**Exercise requirements:** Copy the data exactly from the line that contains "blk.add_solid(points, dxfattribs=at)" through the line that contains "blk.add_point(p, dxfattribs=at)", keeping both end lines and leaving out everything else.

**Records for processing:**
- Opening Delimiter -
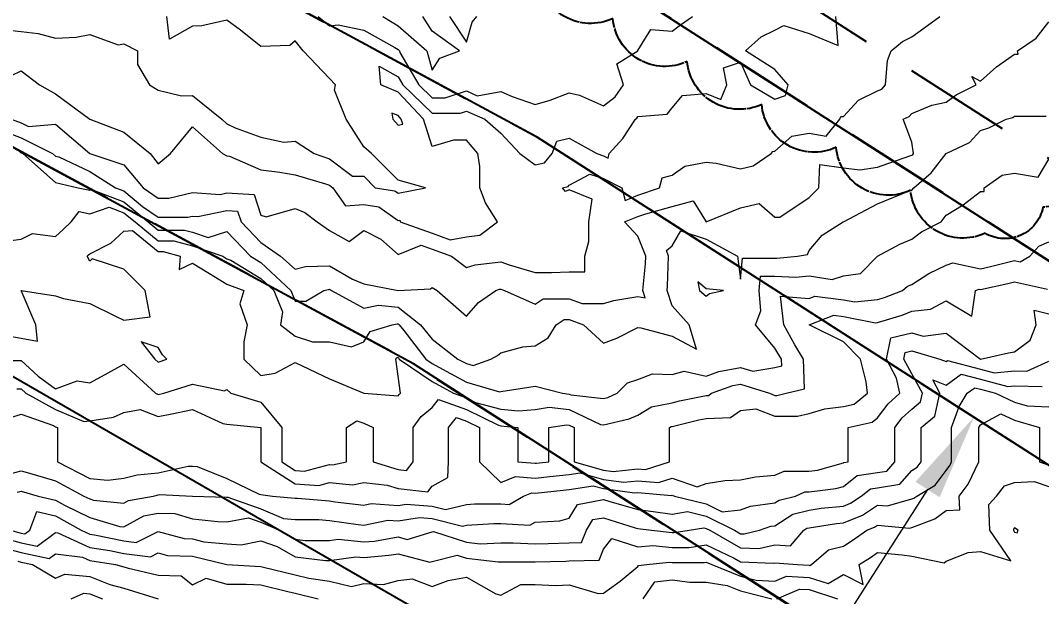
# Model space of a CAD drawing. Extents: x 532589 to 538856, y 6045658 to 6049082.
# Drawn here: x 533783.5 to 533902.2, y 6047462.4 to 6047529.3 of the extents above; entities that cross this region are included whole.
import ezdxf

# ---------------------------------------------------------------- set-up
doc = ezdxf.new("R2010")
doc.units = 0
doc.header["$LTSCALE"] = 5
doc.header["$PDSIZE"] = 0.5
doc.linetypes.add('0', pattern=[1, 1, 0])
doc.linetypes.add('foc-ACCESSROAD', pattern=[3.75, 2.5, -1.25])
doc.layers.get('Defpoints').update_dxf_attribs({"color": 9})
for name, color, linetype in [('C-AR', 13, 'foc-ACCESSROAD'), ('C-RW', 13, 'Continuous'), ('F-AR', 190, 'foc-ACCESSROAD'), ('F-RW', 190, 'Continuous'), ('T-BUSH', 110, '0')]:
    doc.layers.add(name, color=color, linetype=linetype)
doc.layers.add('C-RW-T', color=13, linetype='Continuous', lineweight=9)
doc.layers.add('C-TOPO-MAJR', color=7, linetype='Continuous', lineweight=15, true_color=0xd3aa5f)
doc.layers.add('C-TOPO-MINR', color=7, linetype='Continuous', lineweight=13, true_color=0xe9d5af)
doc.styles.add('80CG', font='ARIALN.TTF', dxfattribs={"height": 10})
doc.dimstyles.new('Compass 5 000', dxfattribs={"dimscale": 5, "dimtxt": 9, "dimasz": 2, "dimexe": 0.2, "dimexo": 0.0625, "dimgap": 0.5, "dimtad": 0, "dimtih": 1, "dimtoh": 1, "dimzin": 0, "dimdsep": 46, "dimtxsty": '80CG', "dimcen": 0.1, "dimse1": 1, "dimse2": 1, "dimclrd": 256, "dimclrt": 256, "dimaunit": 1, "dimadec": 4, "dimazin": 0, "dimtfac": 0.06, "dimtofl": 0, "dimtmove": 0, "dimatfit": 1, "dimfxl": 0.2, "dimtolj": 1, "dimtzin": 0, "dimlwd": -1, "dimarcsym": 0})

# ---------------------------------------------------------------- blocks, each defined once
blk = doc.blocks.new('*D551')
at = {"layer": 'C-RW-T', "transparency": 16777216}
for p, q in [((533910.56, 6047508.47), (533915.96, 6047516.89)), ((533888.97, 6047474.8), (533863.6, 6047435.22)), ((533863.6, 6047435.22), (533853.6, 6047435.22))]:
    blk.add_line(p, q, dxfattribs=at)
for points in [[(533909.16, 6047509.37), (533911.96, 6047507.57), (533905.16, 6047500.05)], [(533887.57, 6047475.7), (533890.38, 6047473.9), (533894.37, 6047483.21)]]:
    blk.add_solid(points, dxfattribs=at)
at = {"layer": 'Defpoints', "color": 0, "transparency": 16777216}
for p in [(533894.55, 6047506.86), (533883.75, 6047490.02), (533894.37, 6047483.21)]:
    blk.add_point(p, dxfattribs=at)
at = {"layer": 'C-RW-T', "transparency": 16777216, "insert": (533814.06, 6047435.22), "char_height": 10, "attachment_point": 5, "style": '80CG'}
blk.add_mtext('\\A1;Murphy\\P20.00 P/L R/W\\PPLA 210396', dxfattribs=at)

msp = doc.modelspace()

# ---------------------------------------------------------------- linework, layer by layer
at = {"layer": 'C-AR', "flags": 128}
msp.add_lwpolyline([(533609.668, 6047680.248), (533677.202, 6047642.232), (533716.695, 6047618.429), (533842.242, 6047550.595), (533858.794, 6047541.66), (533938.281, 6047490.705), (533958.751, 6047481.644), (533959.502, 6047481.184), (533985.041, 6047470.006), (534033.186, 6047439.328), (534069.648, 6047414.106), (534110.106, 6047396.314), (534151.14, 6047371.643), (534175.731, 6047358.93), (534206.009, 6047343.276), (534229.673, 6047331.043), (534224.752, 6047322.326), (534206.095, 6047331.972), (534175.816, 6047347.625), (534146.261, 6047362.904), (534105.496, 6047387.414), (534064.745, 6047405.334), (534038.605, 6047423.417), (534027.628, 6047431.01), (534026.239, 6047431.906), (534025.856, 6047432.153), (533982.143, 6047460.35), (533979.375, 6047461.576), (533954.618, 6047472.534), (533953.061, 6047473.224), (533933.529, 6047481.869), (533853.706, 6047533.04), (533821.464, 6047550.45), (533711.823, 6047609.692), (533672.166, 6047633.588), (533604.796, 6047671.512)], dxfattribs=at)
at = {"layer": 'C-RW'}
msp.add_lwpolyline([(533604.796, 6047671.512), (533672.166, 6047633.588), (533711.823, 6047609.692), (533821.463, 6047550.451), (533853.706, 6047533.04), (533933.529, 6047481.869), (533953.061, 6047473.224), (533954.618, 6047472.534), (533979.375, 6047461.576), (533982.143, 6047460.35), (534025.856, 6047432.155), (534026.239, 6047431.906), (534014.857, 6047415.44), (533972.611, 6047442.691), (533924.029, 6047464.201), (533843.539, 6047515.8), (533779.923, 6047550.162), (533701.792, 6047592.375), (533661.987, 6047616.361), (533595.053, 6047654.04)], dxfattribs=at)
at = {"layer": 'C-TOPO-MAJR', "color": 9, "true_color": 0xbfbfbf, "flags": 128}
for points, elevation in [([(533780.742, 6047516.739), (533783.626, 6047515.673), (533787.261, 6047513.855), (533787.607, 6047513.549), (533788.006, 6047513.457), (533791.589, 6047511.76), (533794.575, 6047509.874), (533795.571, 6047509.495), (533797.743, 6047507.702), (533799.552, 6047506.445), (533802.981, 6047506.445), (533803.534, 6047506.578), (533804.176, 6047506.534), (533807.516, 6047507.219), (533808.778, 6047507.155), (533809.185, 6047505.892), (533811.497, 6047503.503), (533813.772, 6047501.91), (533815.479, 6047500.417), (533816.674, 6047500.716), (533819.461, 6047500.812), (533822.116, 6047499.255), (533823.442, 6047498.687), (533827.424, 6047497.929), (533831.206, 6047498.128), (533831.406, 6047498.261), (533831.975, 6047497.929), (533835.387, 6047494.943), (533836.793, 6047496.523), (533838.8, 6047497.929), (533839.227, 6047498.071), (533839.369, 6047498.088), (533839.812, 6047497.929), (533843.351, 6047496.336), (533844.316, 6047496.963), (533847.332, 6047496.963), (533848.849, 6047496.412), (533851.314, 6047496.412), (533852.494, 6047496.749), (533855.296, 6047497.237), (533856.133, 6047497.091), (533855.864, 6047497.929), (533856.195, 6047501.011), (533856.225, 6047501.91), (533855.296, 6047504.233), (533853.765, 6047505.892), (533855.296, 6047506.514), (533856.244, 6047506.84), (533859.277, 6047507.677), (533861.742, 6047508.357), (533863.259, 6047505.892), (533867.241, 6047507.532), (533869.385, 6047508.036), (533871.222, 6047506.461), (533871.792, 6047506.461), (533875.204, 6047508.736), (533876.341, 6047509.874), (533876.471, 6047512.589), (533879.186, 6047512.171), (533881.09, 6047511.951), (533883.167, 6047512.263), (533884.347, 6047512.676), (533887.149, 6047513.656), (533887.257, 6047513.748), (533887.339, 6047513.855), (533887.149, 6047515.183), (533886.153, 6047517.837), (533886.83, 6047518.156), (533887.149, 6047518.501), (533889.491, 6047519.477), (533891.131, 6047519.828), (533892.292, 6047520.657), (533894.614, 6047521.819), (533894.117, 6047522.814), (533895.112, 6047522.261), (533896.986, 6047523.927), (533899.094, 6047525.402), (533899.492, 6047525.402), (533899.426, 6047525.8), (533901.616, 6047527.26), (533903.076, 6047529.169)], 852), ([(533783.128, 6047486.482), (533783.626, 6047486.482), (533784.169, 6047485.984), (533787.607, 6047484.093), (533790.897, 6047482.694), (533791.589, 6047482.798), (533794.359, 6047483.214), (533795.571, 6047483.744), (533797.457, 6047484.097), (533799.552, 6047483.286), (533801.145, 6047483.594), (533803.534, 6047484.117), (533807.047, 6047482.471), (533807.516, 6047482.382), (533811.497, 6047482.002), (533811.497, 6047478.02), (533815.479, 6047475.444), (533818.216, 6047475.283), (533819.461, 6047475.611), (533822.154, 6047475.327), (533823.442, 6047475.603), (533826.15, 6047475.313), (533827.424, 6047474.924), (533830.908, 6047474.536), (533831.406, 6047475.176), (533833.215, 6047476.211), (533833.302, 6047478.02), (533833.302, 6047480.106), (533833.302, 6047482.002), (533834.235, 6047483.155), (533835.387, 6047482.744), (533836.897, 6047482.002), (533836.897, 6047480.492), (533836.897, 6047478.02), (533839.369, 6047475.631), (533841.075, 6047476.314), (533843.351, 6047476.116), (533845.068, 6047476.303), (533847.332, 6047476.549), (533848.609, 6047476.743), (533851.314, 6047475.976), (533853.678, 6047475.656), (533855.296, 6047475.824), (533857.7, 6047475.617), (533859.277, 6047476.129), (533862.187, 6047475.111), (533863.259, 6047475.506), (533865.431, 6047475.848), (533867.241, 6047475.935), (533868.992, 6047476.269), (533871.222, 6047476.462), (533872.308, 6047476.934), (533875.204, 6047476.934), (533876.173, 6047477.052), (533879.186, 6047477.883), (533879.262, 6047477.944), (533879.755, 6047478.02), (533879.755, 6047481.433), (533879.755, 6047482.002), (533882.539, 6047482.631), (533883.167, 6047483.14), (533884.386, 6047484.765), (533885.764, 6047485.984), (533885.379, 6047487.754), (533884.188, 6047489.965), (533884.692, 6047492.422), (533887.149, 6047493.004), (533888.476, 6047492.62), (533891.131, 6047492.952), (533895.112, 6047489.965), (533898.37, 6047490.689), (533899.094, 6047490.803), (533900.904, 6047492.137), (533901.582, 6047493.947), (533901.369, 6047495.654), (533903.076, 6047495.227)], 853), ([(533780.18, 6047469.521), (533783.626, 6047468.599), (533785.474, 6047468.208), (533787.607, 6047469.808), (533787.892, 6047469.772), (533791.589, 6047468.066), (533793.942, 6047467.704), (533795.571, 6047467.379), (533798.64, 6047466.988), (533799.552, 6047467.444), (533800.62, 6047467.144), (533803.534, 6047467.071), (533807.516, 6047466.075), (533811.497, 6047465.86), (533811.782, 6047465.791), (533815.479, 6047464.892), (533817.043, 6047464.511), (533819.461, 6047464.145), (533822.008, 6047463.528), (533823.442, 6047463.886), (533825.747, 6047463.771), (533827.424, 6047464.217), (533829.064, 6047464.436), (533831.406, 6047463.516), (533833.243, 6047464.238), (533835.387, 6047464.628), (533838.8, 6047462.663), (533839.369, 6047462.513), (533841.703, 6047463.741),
- Closing Delimiter -
**Completed task:**
    blk.add_solid(points, dxfattribs=at)
at = {"layer": 'Defpoints', "color": 0, "transparency": 16777216}
for p in [(533894.55, 6047506.86), (533883.75, 6047490.02), (533894.37, 6047483.21)]:
    blk.add_point(p, dxfattribs=at)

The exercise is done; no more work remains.